▶ [INSTRUCTIONS FOR THE TASK] Within the records below, filter for lines carrying the word "Numerator" and copy them.

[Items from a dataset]

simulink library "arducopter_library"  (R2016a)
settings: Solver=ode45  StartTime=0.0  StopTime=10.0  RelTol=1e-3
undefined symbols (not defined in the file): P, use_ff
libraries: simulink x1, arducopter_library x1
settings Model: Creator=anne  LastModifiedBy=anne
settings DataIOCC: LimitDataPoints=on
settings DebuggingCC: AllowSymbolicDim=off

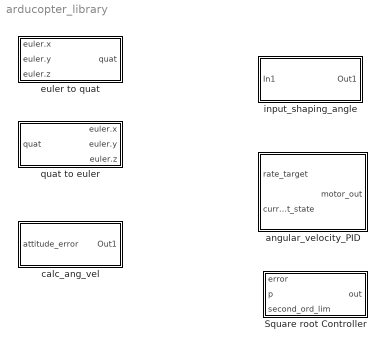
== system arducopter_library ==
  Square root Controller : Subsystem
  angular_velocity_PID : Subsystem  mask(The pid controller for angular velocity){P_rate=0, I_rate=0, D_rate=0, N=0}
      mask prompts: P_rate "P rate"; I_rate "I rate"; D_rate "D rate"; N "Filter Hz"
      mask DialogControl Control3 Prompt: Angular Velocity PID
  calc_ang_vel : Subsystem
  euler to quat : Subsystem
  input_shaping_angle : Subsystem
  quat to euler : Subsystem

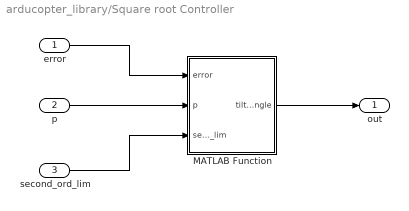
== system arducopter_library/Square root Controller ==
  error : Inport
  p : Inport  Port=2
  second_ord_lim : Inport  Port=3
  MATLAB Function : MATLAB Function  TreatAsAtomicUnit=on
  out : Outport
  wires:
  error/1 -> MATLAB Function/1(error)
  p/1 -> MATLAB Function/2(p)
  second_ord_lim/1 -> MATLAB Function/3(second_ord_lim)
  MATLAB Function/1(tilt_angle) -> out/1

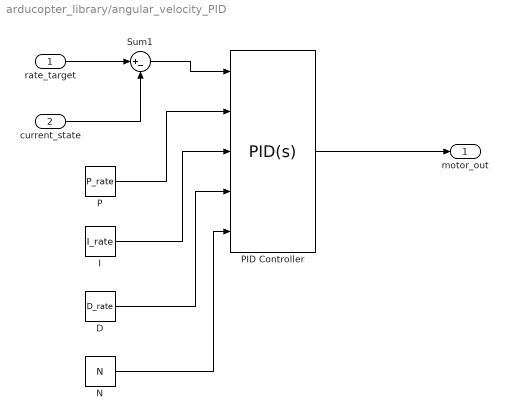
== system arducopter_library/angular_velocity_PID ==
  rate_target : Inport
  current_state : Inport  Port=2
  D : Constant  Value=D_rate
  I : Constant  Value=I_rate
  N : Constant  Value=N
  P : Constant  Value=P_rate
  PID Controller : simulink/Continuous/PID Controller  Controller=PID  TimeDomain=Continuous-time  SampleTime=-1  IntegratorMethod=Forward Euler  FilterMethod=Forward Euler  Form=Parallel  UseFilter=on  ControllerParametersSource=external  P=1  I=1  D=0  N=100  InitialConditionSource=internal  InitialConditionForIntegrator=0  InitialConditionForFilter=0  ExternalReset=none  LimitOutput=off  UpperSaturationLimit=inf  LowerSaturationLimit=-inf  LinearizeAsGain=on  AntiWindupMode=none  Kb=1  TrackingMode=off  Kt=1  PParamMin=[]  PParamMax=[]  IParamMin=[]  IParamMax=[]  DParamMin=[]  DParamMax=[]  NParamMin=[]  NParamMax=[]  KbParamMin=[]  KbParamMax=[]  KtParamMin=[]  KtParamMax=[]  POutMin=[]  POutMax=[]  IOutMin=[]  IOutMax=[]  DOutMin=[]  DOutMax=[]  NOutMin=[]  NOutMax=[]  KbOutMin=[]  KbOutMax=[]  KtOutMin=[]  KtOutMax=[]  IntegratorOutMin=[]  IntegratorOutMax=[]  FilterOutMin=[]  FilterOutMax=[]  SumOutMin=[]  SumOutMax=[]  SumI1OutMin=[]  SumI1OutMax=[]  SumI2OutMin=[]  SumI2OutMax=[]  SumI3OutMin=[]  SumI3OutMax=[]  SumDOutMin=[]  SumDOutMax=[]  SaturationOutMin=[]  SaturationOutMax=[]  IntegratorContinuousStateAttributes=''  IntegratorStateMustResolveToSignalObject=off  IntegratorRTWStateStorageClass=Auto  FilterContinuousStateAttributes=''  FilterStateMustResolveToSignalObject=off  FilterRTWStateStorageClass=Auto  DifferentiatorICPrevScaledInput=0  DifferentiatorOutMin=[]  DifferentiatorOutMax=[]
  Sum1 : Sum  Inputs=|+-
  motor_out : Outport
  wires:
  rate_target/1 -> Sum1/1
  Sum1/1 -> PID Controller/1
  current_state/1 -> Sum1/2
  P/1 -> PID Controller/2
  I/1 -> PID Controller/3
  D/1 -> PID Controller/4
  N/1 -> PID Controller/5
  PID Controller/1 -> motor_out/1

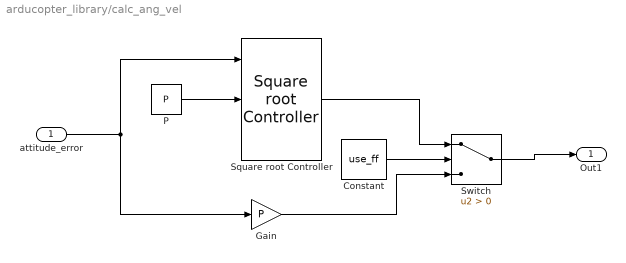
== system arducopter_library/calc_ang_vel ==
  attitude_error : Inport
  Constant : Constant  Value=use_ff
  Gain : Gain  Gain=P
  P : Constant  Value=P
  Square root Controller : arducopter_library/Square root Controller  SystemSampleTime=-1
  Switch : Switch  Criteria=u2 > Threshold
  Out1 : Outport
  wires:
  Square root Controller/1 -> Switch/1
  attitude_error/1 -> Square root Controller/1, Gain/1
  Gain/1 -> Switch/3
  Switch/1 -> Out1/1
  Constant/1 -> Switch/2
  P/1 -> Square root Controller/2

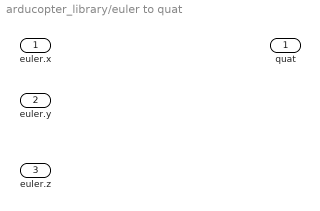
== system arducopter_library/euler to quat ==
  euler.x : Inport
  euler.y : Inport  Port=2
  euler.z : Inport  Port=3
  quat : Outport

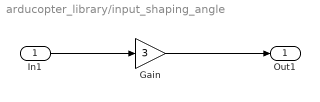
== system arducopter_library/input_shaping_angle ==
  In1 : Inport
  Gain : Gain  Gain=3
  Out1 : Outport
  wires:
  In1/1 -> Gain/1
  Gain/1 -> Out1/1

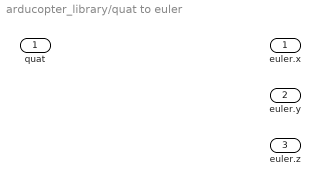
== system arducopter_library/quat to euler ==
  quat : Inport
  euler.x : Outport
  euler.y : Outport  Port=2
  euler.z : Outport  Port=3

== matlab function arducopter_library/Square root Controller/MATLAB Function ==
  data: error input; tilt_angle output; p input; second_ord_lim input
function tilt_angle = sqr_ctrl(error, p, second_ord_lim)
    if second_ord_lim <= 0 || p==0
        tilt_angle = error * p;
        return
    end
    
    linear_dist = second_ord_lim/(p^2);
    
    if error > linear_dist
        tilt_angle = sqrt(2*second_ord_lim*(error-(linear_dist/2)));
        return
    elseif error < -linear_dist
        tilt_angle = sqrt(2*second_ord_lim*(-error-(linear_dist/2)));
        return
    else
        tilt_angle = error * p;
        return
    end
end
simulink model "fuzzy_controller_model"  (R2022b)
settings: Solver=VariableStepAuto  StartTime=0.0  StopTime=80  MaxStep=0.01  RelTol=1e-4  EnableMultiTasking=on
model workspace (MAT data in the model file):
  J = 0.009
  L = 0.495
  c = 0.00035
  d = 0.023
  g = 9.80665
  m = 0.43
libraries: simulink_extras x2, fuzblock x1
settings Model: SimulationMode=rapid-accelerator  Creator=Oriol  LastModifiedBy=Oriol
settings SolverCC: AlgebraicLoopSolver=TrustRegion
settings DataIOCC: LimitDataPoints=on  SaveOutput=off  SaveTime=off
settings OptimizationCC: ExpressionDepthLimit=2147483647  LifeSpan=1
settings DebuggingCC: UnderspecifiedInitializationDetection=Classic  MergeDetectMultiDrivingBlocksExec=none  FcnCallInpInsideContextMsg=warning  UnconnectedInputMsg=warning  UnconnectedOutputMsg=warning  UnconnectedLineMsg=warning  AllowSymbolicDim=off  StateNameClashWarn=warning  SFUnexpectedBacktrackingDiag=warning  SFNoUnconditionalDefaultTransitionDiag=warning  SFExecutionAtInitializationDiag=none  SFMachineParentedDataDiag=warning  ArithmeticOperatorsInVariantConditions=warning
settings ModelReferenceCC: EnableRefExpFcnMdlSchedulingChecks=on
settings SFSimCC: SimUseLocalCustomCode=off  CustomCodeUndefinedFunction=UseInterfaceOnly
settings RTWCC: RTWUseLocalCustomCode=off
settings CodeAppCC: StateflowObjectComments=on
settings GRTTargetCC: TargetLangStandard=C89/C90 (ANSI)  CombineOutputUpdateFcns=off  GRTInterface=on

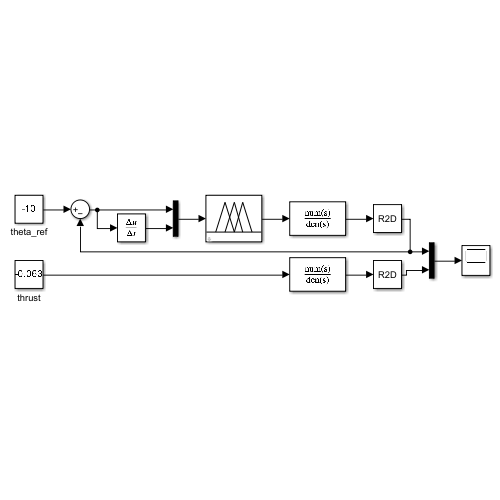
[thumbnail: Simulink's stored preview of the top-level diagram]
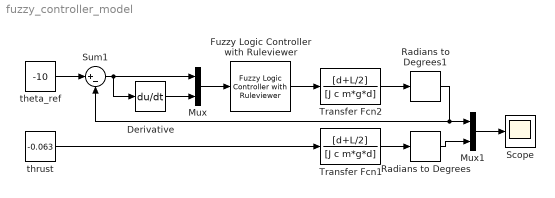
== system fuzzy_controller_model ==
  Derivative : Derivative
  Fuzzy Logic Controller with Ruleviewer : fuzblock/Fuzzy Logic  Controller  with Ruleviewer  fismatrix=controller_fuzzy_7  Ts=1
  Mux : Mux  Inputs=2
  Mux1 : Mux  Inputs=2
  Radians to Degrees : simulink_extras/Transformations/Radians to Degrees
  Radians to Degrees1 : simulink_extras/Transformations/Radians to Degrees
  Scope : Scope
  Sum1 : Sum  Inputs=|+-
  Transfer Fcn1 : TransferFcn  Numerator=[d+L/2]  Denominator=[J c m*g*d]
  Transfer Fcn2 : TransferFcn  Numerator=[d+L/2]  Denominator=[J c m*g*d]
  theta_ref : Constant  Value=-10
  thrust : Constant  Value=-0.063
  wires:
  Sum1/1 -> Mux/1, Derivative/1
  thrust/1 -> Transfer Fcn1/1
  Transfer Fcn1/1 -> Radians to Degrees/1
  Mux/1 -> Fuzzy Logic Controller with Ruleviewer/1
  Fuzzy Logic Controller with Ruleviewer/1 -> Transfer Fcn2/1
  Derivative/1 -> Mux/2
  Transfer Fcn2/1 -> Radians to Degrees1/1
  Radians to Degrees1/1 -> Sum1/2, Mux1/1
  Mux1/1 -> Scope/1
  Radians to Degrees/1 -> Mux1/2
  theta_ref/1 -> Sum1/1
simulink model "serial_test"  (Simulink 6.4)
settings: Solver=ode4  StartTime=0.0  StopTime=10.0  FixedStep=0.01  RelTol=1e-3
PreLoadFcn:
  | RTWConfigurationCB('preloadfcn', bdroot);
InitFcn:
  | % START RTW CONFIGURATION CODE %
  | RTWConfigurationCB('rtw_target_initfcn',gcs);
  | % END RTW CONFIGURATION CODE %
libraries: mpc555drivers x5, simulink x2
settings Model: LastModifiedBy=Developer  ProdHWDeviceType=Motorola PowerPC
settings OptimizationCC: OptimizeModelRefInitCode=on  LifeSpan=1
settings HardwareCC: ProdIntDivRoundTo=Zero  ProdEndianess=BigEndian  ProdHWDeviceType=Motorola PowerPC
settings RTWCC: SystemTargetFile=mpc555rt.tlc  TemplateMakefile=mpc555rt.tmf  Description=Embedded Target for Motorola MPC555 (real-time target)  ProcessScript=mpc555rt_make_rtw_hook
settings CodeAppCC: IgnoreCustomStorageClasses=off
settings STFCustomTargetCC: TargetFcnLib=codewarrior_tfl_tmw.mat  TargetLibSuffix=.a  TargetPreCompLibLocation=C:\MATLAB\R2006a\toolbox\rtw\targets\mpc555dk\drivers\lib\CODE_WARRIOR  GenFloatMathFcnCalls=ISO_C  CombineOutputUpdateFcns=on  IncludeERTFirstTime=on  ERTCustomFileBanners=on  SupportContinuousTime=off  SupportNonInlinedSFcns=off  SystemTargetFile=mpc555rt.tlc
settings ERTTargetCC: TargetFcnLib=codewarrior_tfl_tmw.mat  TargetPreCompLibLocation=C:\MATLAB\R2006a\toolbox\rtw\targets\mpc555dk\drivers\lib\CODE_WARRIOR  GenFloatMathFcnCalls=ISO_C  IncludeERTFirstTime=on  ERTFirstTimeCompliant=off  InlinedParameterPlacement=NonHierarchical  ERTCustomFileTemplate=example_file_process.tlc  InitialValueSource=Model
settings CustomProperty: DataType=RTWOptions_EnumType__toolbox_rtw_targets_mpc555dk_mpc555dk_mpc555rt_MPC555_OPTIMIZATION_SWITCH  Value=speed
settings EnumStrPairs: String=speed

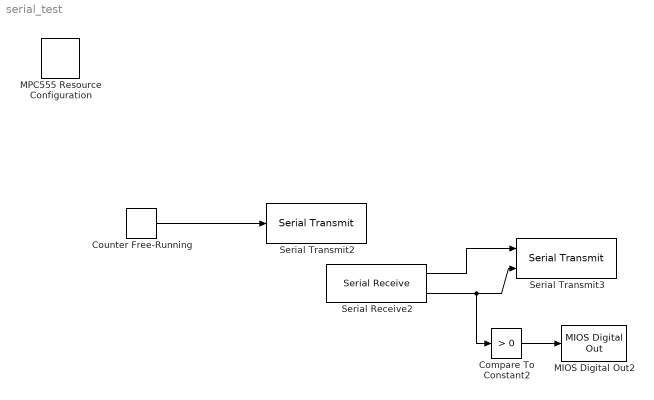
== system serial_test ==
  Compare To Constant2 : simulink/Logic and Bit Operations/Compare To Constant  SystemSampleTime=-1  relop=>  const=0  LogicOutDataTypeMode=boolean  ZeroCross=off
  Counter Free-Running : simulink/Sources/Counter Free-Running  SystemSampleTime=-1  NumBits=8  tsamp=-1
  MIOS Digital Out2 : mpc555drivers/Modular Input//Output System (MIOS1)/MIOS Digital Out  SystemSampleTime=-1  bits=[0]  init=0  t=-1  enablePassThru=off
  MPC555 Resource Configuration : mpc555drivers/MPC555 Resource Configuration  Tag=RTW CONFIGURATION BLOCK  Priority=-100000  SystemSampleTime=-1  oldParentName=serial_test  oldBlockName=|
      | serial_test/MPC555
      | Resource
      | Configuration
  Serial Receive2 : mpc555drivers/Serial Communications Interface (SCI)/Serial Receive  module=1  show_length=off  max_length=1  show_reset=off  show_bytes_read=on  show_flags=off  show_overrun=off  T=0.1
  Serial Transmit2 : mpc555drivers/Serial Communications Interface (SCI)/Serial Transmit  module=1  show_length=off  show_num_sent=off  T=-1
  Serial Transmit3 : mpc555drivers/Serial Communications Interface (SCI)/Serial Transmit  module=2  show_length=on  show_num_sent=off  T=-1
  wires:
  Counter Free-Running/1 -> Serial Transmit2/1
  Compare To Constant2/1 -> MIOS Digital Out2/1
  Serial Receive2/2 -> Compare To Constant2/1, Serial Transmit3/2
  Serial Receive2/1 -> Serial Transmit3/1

▶ [EXERCISE ANSWER]
  Transfer Fcn1 : TransferFcn  Numerator=[d+L/2]  Denominator=[J c m*g*d]
  Transfer Fcn2 : TransferFcn  Numerator=[d+L/2]  Denominator=[J c m*g*d]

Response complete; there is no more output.